Raw data>

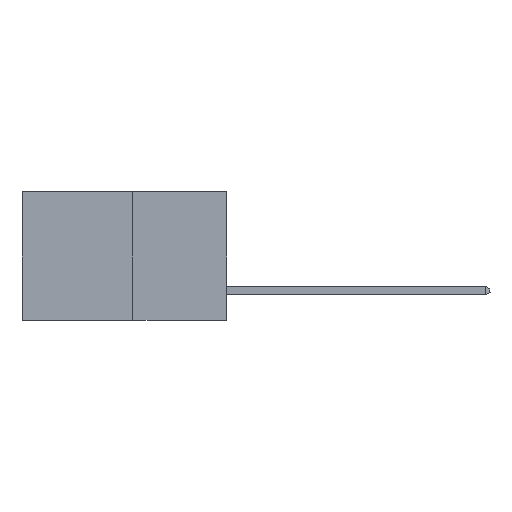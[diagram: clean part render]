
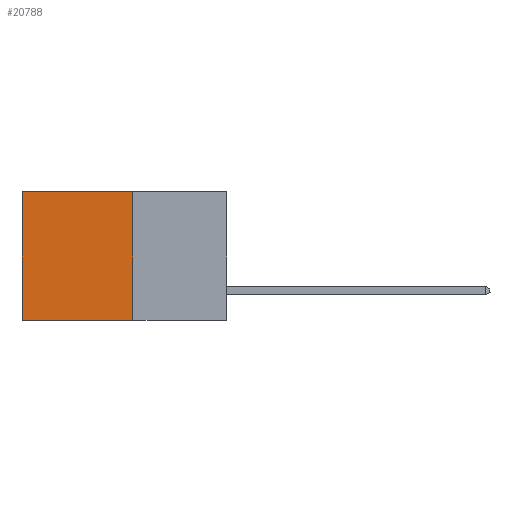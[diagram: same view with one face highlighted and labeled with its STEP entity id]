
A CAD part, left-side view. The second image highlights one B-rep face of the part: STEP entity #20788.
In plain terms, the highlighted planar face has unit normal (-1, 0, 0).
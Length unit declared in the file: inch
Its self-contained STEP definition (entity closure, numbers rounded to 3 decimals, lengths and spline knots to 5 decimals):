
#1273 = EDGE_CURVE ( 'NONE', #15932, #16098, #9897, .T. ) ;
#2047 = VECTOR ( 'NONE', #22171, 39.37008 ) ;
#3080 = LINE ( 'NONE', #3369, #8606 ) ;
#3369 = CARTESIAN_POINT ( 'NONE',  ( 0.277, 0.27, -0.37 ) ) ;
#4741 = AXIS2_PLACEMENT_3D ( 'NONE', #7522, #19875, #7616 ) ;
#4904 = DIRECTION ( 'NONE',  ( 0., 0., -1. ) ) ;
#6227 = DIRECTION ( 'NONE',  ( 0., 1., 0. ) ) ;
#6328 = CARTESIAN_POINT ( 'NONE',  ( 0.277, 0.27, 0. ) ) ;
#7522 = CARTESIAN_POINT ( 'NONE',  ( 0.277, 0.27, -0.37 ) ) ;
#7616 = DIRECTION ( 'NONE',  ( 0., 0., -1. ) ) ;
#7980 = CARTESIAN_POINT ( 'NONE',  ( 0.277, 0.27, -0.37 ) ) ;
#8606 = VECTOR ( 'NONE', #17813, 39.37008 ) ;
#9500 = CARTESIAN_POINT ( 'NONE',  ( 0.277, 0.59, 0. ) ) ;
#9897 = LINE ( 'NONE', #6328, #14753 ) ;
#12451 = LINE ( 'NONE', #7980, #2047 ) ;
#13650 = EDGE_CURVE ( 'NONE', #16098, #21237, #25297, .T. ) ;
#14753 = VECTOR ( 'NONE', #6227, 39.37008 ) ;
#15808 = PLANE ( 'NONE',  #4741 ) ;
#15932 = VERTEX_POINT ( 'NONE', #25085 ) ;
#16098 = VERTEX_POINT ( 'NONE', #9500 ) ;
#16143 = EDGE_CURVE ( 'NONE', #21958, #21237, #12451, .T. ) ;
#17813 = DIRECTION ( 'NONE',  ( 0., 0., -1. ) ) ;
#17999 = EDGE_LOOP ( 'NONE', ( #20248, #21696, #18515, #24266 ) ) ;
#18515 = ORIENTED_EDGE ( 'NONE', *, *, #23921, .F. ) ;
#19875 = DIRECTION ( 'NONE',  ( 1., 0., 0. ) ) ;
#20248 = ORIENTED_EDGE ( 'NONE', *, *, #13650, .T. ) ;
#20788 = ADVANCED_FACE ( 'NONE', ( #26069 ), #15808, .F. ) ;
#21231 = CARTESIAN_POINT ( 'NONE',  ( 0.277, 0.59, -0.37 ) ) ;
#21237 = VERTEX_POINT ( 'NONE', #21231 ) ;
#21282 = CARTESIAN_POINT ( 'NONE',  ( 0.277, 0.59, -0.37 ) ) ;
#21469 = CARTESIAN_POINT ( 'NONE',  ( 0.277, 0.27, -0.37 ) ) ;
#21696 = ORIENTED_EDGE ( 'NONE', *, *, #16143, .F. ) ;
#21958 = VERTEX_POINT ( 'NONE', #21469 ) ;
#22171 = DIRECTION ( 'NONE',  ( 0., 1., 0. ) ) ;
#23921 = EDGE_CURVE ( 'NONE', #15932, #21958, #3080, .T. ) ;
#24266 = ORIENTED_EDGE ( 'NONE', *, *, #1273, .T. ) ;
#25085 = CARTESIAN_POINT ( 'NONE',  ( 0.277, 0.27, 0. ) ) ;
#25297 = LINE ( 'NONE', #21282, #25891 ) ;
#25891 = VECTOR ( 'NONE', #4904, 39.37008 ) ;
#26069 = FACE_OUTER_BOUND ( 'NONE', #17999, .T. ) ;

Your goal>
The reply should reproduce every entry above word for word and contain no pictures.

Output of the task>
[diagram: clean part render]
[diagram: same view with one face highlighted and labeled with its STEP entity id]
A CAD part, left-side view. The second image highlights one B-rep face of the part: STEP entity #20788.
In plain terms, the highlighted planar face has unit normal (-1, 0, 0).
Length unit declared in the file: inch
Its self-contained STEP definition (entity closure, numbers rounded to 3 decimals, lengths and spline knots to 5 decimals):
#1273 = EDGE_CURVE ( 'NONE', #15932, #16098, #9897, .T. ) ;
#2047 = VECTOR ( 'NONE', #22171, 39.37008 ) ;
#3080 = LINE ( 'NONE', #3369, #8606 ) ;
#3369 = CARTESIAN_POINT ( 'NONE',  ( 0.277, 0.27, -0.37 ) ) ;
#4741 = AXIS2_PLACEMENT_3D ( 'NONE', #7522, #19875, #7616 ) ;
#4904 = DIRECTION ( 'NONE',  ( 0., 0., -1. ) ) ;
#6227 = DIRECTION ( 'NONE',  ( 0., 1., 0. ) ) ;
#6328 = CARTESIAN_POINT ( 'NONE',  ( 0.277, 0.27, 0. ) ) ;
#7522 = CARTESIAN_POINT ( 'NONE',  ( 0.277, 0.27, -0.37 ) ) ;
#7616 = DIRECTION ( 'NONE',  ( 0., 0., -1. ) ) ;
#7980 = CARTESIAN_POINT ( 'NONE',  ( 0.277, 0.27, -0.37 ) ) ;
#8606 = VECTOR ( 'NONE', #17813, 39.37008 ) ;
#9500 = CARTESIAN_POINT ( 'NONE',  ( 0.277, 0.59, 0. ) ) ;
#9897 = LINE ( 'NONE', #6328, #14753 ) ;
#12451 = LINE ( 'NONE', #7980, #2047 ) ;
#13650 = EDGE_CURVE ( 'NONE', #16098, #21237, #25297, .T. ) ;
#14753 = VECTOR ( 'NONE', #6227, 39.37008 ) ;
#15808 = PLANE ( 'NONE',  #4741 ) ;
#15932 = VERTEX_POINT ( 'NONE', #25085 ) ;
#16098 = VERTEX_POINT ( 'NONE', #9500 ) ;
#16143 = EDGE_CURVE ( 'NONE', #21958, #21237, #12451, .T. ) ;
#17813 = DIRECTION ( 'NONE',  ( 0., 0., -1. ) ) ;
#17999 = EDGE_LOOP ( 'NONE', ( #20248, #21696, #18515, #24266 ) ) ;
#18515 = ORIENTED_EDGE ( 'NONE', *, *, #23921, .F. ) ;
#19875 = DIRECTION ( 'NONE',  ( 1., 0., 0. ) ) ;
#20248 = ORIENTED_EDGE ( 'NONE', *, *, #13650, .T. ) ;
#20788 = ADVANCED_FACE ( 'NONE', ( #26069 ), #15808, .F. ) ;
#21231 = CARTESIAN_POINT ( 'NONE',  ( 0.277, 0.59, -0.37 ) ) ;
#21237 = VERTEX_POINT ( 'NONE', #21231 ) ;
#21282 = CARTESIAN_POINT ( 'NONE',  ( 0.277, 0.59, -0.37 ) ) ;
#21469 = CARTESIAN_POINT ( 'NONE',  ( 0.277, 0.27, -0.37 ) ) ;
#21696 = ORIENTED_EDGE ( 'NONE', *, *, #16143, .F. ) ;
#21958 = VERTEX_POINT ( 'NONE', #21469 ) ;
#22171 = DIRECTION ( 'NONE',  ( 0., 1., 0. ) ) ;
#23921 = EDGE_CURVE ( 'NONE', #15932, #21958, #3080, .T. ) ;
#24266 = ORIENTED_EDGE ( 'NONE', *, *, #1273, .T. ) ;
#25085 = CARTESIAN_POINT ( 'NONE',  ( 0.277, 0.27, 0. ) ) ;
#25297 = LINE ( 'NONE', #21282, #25891 ) ;
#25891 = VECTOR ( 'NONE', #4904, 39.37008 ) ;
#26069 = FACE_OUTER_BOUND ( 'NONE', #17999, .T. ) ;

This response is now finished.